» Record extracts:
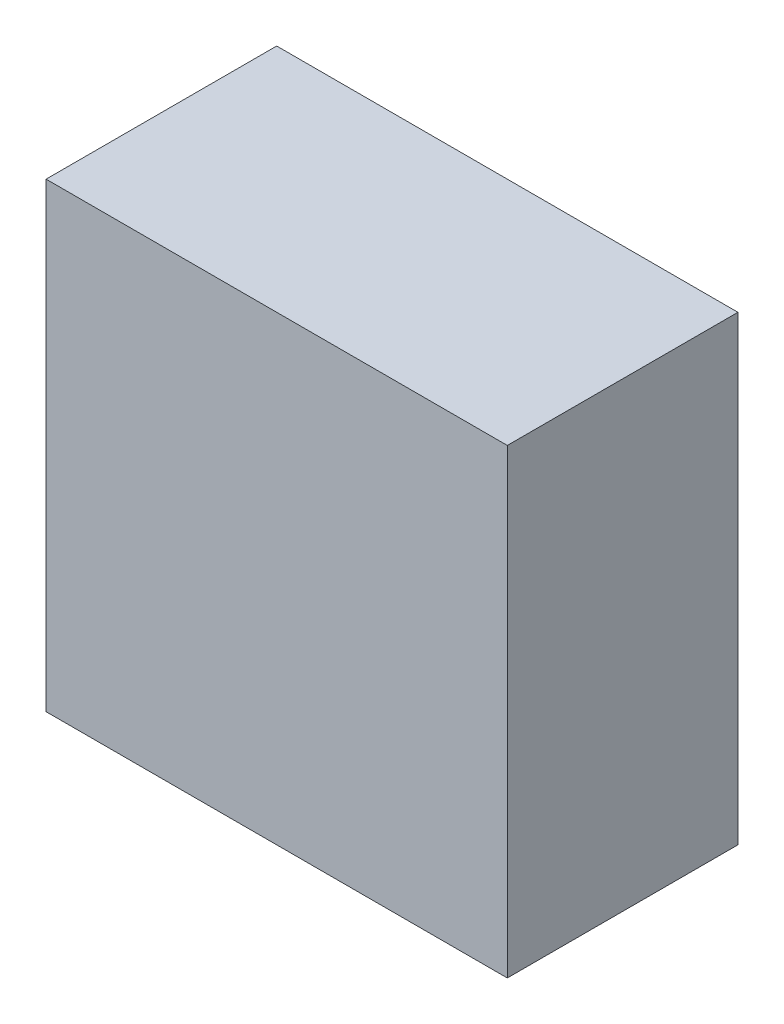
ISO-10303-21;
HEADER;
FILE_DESCRIPTION(('STEP AP214'),'2;1');
FILE_NAME('part.step','',(''),(''),'','','');
FILE_SCHEMA(('AUTOMOTIVE_DESIGN { 1 0 10303 214 1 1 1 1 }'));
ENDSEC;
DATA;
#1=APPLICATION_CONTEXT('core data for automotive mechanical design processes');
#2=APPLICATION_PROTOCOL_DEFINITION('international standard','automotive_design',2000,#1);
#3=PRODUCT_CONTEXT('',#1,'mechanical');
#4=PRODUCT('Part','Part','',(#3));
#5=PRODUCT_RELATED_PRODUCT_CATEGORY('part','',(#4));
#6=PRODUCT_DEFINITION_FORMATION('','',#4);
#7=PRODUCT_DEFINITION_CONTEXT('part definition',#1,'design');
#8=PRODUCT_DEFINITION('design','',#6,#7);
#9=PRODUCT_DEFINITION_SHAPE('','',#8);
#10=(LENGTH_UNIT() NAMED_UNIT(*) SI_UNIT(.MILLI.,.METRE.));
#11=(NAMED_UNIT(*) PLANE_ANGLE_UNIT() SI_UNIT($,.RADIAN.));
#12=(NAMED_UNIT(*) SI_UNIT($,.STERADIAN.) SOLID_ANGLE_UNIT());
#13=UNCERTAINTY_MEASURE_WITH_UNIT(LENGTH_MEASURE(1.E-05),#10,'distance_accuracy_value','');
#14=(GEOMETRIC_REPRESENTATION_CONTEXT(3) GLOBAL_UNCERTAINTY_ASSIGNED_CONTEXT((#13)) GLOBAL_UNIT_ASSIGNED_CONTEXT((#10,
#11,#12)) REPRESENTATION_CONTEXT('',''));
#15=CARTESIAN_POINT('',(0.,0.,0.));
#16=DIRECTION('',(0.,0.,1.));
#17=DIRECTION('',(1.,0.,0.));
#18=AXIS2_PLACEMENT_3D('',#15,#16,#17);
#19=CARTESIAN_POINT('',(0.,0.,2.75));
#20=DIRECTION('',(0.,0.,-1.));
#21=DIRECTION('',(-1.,0.,0.));
#22=AXIS2_PLACEMENT_3D('',#19,#20,#21);
#23=PLANE('',#22);
#24=DIRECTION('',(1.,0.,0.));
#25=VECTOR('',#24,1.);
#26=CARTESIAN_POINT('',(158.313158045852,-27.0708841556957,2.75));
#27=LINE('',#26,#25);
#28=CARTESIAN_POINT('',(158.313158045852,-27.0708841556957,2.75));
#29=VERTEX_POINT('',#28);
#30=CARTESIAN_POINT('',(154.313158045852,-27.0708841556957,2.75));
#31=VERTEX_POINT('',#30);
#32=EDGE_CURVE('E80',#29,#31,#27,.F.);
#33=ORIENTED_EDGE('',*,*,#32,.T.);
#34=DIRECTION('',(0.,1.,0.));
#35=VECTOR('',#34,1.);
#36=CARTESIAN_POINT('',(154.313158045852,-27.0708841556957,2.75));
#37=LINE('',#36,#35);
#38=CARTESIAN_POINT('',(154.313158045852,-31.0708841556957,2.75));
#39=VERTEX_POINT('',#38);
#40=EDGE_CURVE('E55',#31,#39,#37,.F.);
#41=ORIENTED_EDGE('',*,*,#40,.T.);
#42=DIRECTION('',(1.,0.,0.));
#43=VECTOR('',#42,1.);
#44=CARTESIAN_POINT('',(158.313158045852,-31.0708841556957,2.75));
#45=LINE('',#44,#43);
#46=CARTESIAN_POINT('',(158.313158045852,-31.0708841556957,2.75));
#47=VERTEX_POINT('',#46);
#48=EDGE_CURVE('E57',#39,#47,#45,.T.);
#49=ORIENTED_EDGE('',*,*,#48,.T.);
#50=DIRECTION('',(0.,1.,0.));
#51=VECTOR('',#50,1.);
#52=CARTESIAN_POINT('',(158.313158045852,-27.0708841556957,2.75));
#53=LINE('',#52,#51);
#54=EDGE_CURVE('E20',#47,#29,#53,.T.);
#55=ORIENTED_EDGE('',*,*,#54,.T.);
#56=EDGE_LOOP('',(#33,#41,#49,#55));
#57=FACE_BOUND('',#56,.T.);
#58=ADVANCED_FACE('F17',(#57),#23,.F.);
#59=CARTESIAN_POINT('',(158.313158045852,-27.0708841556957,2.75));
#60=DIRECTION('',(-1.,0.,0.));
#61=DIRECTION('',(0.,0.,1.));
#62=AXIS2_PLACEMENT_3D('',#59,#60,#61);
#63=PLANE('',#62);
#64=DIRECTION('',(0.,0.,-1.));
#65=VECTOR('',#64,1.);
#66=CARTESIAN_POINT('',(158.313158045852,-27.0708841556957,2.75));
#67=LINE('',#66,#65);
#68=CARTESIAN_POINT('',(158.313158045852,-27.0708841556957,0.75));
#69=VERTEX_POINT('',#68);
#70=EDGE_CURVE('E68',#69,#29,#67,.F.);
#71=ORIENTED_EDGE('',*,*,#70,.T.);
#72=ORIENTED_EDGE('',*,*,#54,.F.);
#73=DIRECTION('',(0.,0.,1.));
#74=VECTOR('',#73,1.);
#75=CARTESIAN_POINT('',(158.313158045852,-31.0708841556957,2.75));
#76=LINE('',#75,#74);
#77=CARTESIAN_POINT('',(158.313158045852,-31.0708841556957,0.75));
#78=VERTEX_POINT('',#77);
#79=EDGE_CURVE('E63',#47,#78,#76,.F.);
#80=ORIENTED_EDGE('',*,*,#79,.T.);
#81=DIRECTION('',(0.,1.,0.));
#82=VECTOR('',#81,1.);
#83=CARTESIAN_POINT('',(158.313158045852,0.,0.75));
#84=LINE('',#83,#82);
#85=EDGE_CURVE('E83',#69,#78,#84,.F.);
#86=ORIENTED_EDGE('',*,*,#85,.F.);
#87=EDGE_LOOP('',(#71,#72,#80,#86));
#88=FACE_BOUND('',#87,.T.);
#89=ADVANCED_FACE('F65',(#88),#63,.F.);
#90=CARTESIAN_POINT('',(158.313158045852,-31.0708841556957,2.75));
#91=DIRECTION('',(0.,1.,0.));
#92=DIRECTION('',(0.,0.,1.));
#93=AXIS2_PLACEMENT_3D('',#90,#91,#92);
#94=PLANE('',#93);
#95=ORIENTED_EDGE('',*,*,#79,.F.);
#96=ORIENTED_EDGE('',*,*,#48,.F.);
#97=DIRECTION('',(0.,0.,-1.));
#98=VECTOR('',#97,1.);
#99=CARTESIAN_POINT('',(154.313158045852,-31.0708841556957,2.75));
#100=LINE('',#99,#98);
#101=CARTESIAN_POINT('',(154.313158045852,-31.0708841556957,0.75));
#102=VERTEX_POINT('',#101);
#103=EDGE_CURVE('E75',#39,#102,#100,.T.);
#104=ORIENTED_EDGE('',*,*,#103,.T.);
#105=DIRECTION('',(-1.,0.,0.));
#106=VECTOR('',#105,1.);
#107=CARTESIAN_POINT('',(0.,-31.0708841556957,0.75));
#108=LINE('',#107,#106);
#109=EDGE_CURVE('E72',#78,#102,#108,.T.);
#110=ORIENTED_EDGE('',*,*,#109,.F.);
#111=EDGE_LOOP('',(#95,#96,#104,#110));
#112=FACE_BOUND('',#111,.T.);
#113=ADVANCED_FACE('F70',(#112),#94,.F.);
#114=CARTESIAN_POINT('',(154.313158045852,-27.0708841556957,2.75));
#115=DIRECTION('',(1.,0.,0.));
#116=DIRECTION('',(0.,0.,-1.));
#117=AXIS2_PLACEMENT_3D('',#114,#115,#116);
#118=PLANE('',#117);
#119=ORIENTED_EDGE('',*,*,#103,.F.);
#120=ORIENTED_EDGE('',*,*,#40,.F.);
#121=DIRECTION('',(0.,0.,-1.));
#122=VECTOR('',#121,1.);
#123=CARTESIAN_POINT('',(154.313158045852,-27.0708841556957,2.75));
#124=LINE('',#123,#122);
#125=CARTESIAN_POINT('',(154.313158045852,-27.0708841556957,0.75));
#126=VERTEX_POINT('',#125);
#127=EDGE_CURVE('E35',#31,#126,#124,.T.);
#128=ORIENTED_EDGE('',*,*,#127,.T.);
#129=DIRECTION('',(0.,1.,0.));
#130=VECTOR('',#129,1.);
#131=CARTESIAN_POINT('',(154.313158045852,0.,0.75));
#132=LINE('',#131,#130);
#133=EDGE_CURVE('E26',#102,#126,#132,.T.);
#134=ORIENTED_EDGE('',*,*,#133,.F.);
#135=EDGE_LOOP('',(#119,#120,#128,#134));
#136=FACE_BOUND('',#135,.T.);
#137=ADVANCED_FACE('F89',(#136),#118,.F.);
#138=CARTESIAN_POINT('',(158.313158045852,-27.0708841556957,2.75));
#139=DIRECTION('',(0.,-1.,0.));
#140=DIRECTION('',(0.,0.,-1.));
#141=AXIS2_PLACEMENT_3D('',#138,#139,#140);
#142=PLANE('',#141);
#143=ORIENTED_EDGE('',*,*,#127,.F.);
#144=ORIENTED_EDGE('',*,*,#32,.F.);
#145=ORIENTED_EDGE('',*,*,#70,.F.);
#146=DIRECTION('',(-1.,0.,0.));
#147=VECTOR('',#146,1.);
#148=CARTESIAN_POINT('',(0.,-27.0708841556957,0.75));
#149=LINE('',#148,#147);
#150=EDGE_CURVE('E11',#126,#69,#149,.F.);
#151=ORIENTED_EDGE('',*,*,#150,.F.);
#152=EDGE_LOOP('',(#143,#144,#145,#151));
#153=FACE_BOUND('',#152,.T.);
#154=ADVANCED_FACE('F91',(#153),#142,.F.);
#155=CARTESIAN_POINT('',(0.,0.,0.75));
#156=DIRECTION('',(0.,0.,-1.));
#157=DIRECTION('',(-1.,0.,0.));
#158=AXIS2_PLACEMENT_3D('',#155,#156,#157);
#159=PLANE('',#158);
#160=ORIENTED_EDGE('',*,*,#133,.T.);
#161=ORIENTED_EDGE('',*,*,#150,.T.);
#162=ORIENTED_EDGE('',*,*,#85,.T.);
#163=ORIENTED_EDGE('',*,*,#109,.T.);
#164=EDGE_LOOP('',(#160,#161,#162,#163));
#165=FACE_BOUND('',#164,.T.);
#166=ADVANCED_FACE('F88',(#165),#159,.T.);
#167=CLOSED_SHELL('',(#58,#89,#113,#137,#154,#166));
#168=MANIFOLD_SOLID_BREP('B1',#167);
#169=ADVANCED_BREP_SHAPE_REPRESENTATION('',(#18,#168),#14);
#170=SHAPE_DEFINITION_REPRESENTATION(#9,#169);
ENDSEC;
END-ISO-10303-21;

» Instructions for the task:
Return each line from the entries above that includes "mechanical".

» The answer:
#1=APPLICATION_CONTEXT('core data for automotive mechanical design processes');
#3=PRODUCT_CONTEXT('',#1,'mechanical');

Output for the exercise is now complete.